Ethmia epilygella

Scientific classification
- Kingdom: Animalia
- Phylum: Arthropoda
- Clade: Pancrustacea
- Class: Insecta
- Order: Lepidoptera
- Family: Depressariidae
- Genus: Ethmia
- Species: E. epilygella
- Binomial name: Ethmia epilygella Powell, 1973

= Ethmia epilygella =

- Genus: Ethmia
- Species: epilygella
- Authority: Powell, 1973

Species of moth

Ethmia epilygella is a species of small, nocturnal moths belonging to the family Depressariidae. The species is found in Brazil, where it inhabits a variety of habitats including forests, deserts, and suburban areas. Adults of the species have a wingspan of about 9.6–10.3 mm and are generally grayish-brown in color, with white or gray markings on the wings. The larvae of Ethmia epilygella feed on the leaves of plants in the family Onagraceae and can cause significant damage to these plants if their populations become abundant.

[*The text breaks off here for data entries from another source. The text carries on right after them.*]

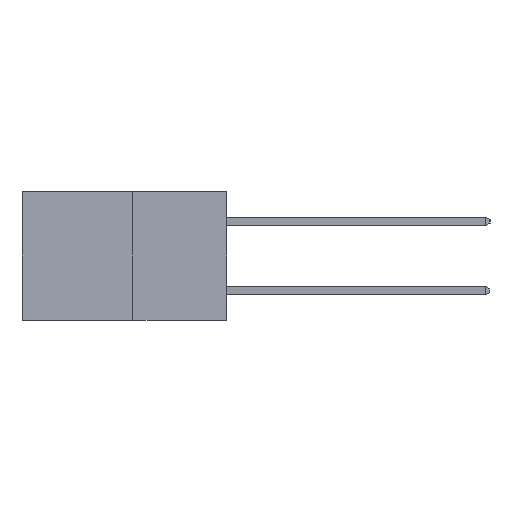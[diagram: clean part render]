
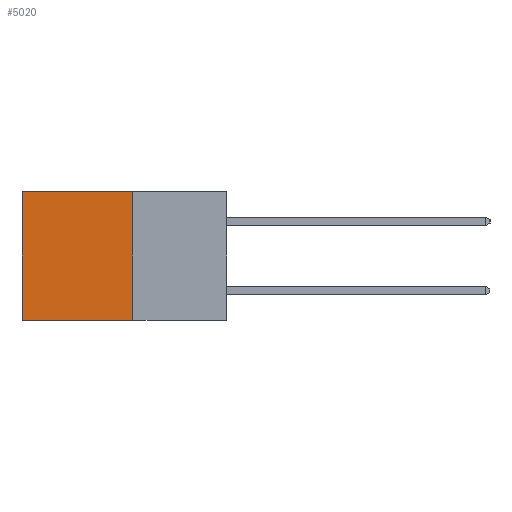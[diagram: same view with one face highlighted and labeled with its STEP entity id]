
A CAD part, left-side view. The second image highlights one B-rep face of the part: STEP entity #5020.
In plain terms, the highlighted planar face has unit normal (-1, 0, 0).
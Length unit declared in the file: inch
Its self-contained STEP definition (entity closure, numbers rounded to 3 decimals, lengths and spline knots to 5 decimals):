
#337 = FACE_OUTER_BOUND ( 'NONE', #8549, .T. ) ;
#1364 = VECTOR ( 'NONE', #9050, 39.37008 ) ;
#2038 = VECTOR ( 'NONE', #10645, 39.37008 ) ;
#2263 = VECTOR ( 'NONE', #2567, 39.37008 ) ;
#2410 = ORIENTED_EDGE ( 'NONE', *, *, #4633, .F. ) ;
#2483 = CARTESIAN_POINT ( 'NONE',  ( 0.277, 0.27, -0.37 ) ) ;
#2567 = DIRECTION ( 'NONE',  ( 0., 1., 0. ) ) ;
#3115 = VECTOR ( 'NONE', #6123, 39.37008 ) ;
#3955 = LINE ( 'NONE', #8151, #1364 ) ;
#4201 = CARTESIAN_POINT ( 'NONE',  ( 0.277, 0.27, -0.37 ) ) ;
#4343 = CARTESIAN_POINT ( 'NONE',  ( 0.277, 0.59, -0.37 ) ) ;
#4592 = LINE ( 'NONE', #9848, #2038 ) ;
#4633 = EDGE_CURVE ( 'NONE', #8775, #7240, #4816, .T. ) ;
#4816 = LINE ( 'NONE', #9108, #2263 ) ;
#5020 = ADVANCED_FACE ( 'NONE', ( #337 ), #8831, .F. ) ;
#5266 = ORIENTED_EDGE ( 'NONE', *, *, #9625, .F. ) ;
#5929 = CARTESIAN_POINT ( 'NONE',  ( 0.277, 0.59, 0. ) ) ;
#6123 = DIRECTION ( 'NONE',  ( 0., 0., -1. ) ) ;
#6163 = DIRECTION ( 'NONE',  ( 0., 0., -1. ) ) ;
#6656 = AXIS2_PLACEMENT_3D ( 'NONE', #4201, #11314, #6163 ) ;
#7047 = CARTESIAN_POINT ( 'NONE',  ( 0.277, 0.59, -0.37 ) ) ;
#7106 = EDGE_CURVE ( 'NONE', #9163, #7240, #7883, .T. ) ;
#7186 = CARTESIAN_POINT ( 'NONE',  ( 0.277, 0.27, 0. ) ) ;
#7240 = VERTEX_POINT ( 'NONE', #4343 ) ;
#7745 = ORIENTED_EDGE ( 'NONE', *, *, #10611, .T. ) ;
#7883 = LINE ( 'NONE', #7047, #3115 ) ;
#8151 = CARTESIAN_POINT ( 'NONE',  ( 0.277, 0.27, -0.37 ) ) ;
#8549 = EDGE_LOOP ( 'NONE', ( #9500, #2410, #5266, #7745 ) ) ;
#8775 = VERTEX_POINT ( 'NONE', #2483 ) ;
#8831 = PLANE ( 'NONE',  #6656 ) ;
#9050 = DIRECTION ( 'NONE',  ( 0., 0., -1. ) ) ;
#9108 = CARTESIAN_POINT ( 'NONE',  ( 0.277, 0.27, -0.37 ) ) ;
#9163 = VERTEX_POINT ( 'NONE', #5929 ) ;
#9500 = ORIENTED_EDGE ( 'NONE', *, *, #7106, .T. ) ;
#9625 = EDGE_CURVE ( 'NONE', #10606, #8775, #3955, .T. ) ;
#9848 = CARTESIAN_POINT ( 'NONE',  ( 0.277, 0.27, 0. ) ) ;
#10606 = VERTEX_POINT ( 'NONE', #7186 ) ;
#10611 = EDGE_CURVE ( 'NONE', #10606, #9163, #4592, .T. ) ;
#10645 = DIRECTION ( 'NONE',  ( 0., 1., 0. ) ) ;
#11314 = DIRECTION ( 'NONE',  ( 1., 0., 0. ) ) ;

Despite its small size and relatively inconspicuous appearance, Ethmia epilygella is of interest to scientists because of its unusual biology and life cycle. The larvae of the species are known to produce a distinctive, sticky web that they use to protect themselves from predators and parasites. Additionally, the species is highly sensitive to changes in its environment, making it a useful indicator of ecological health.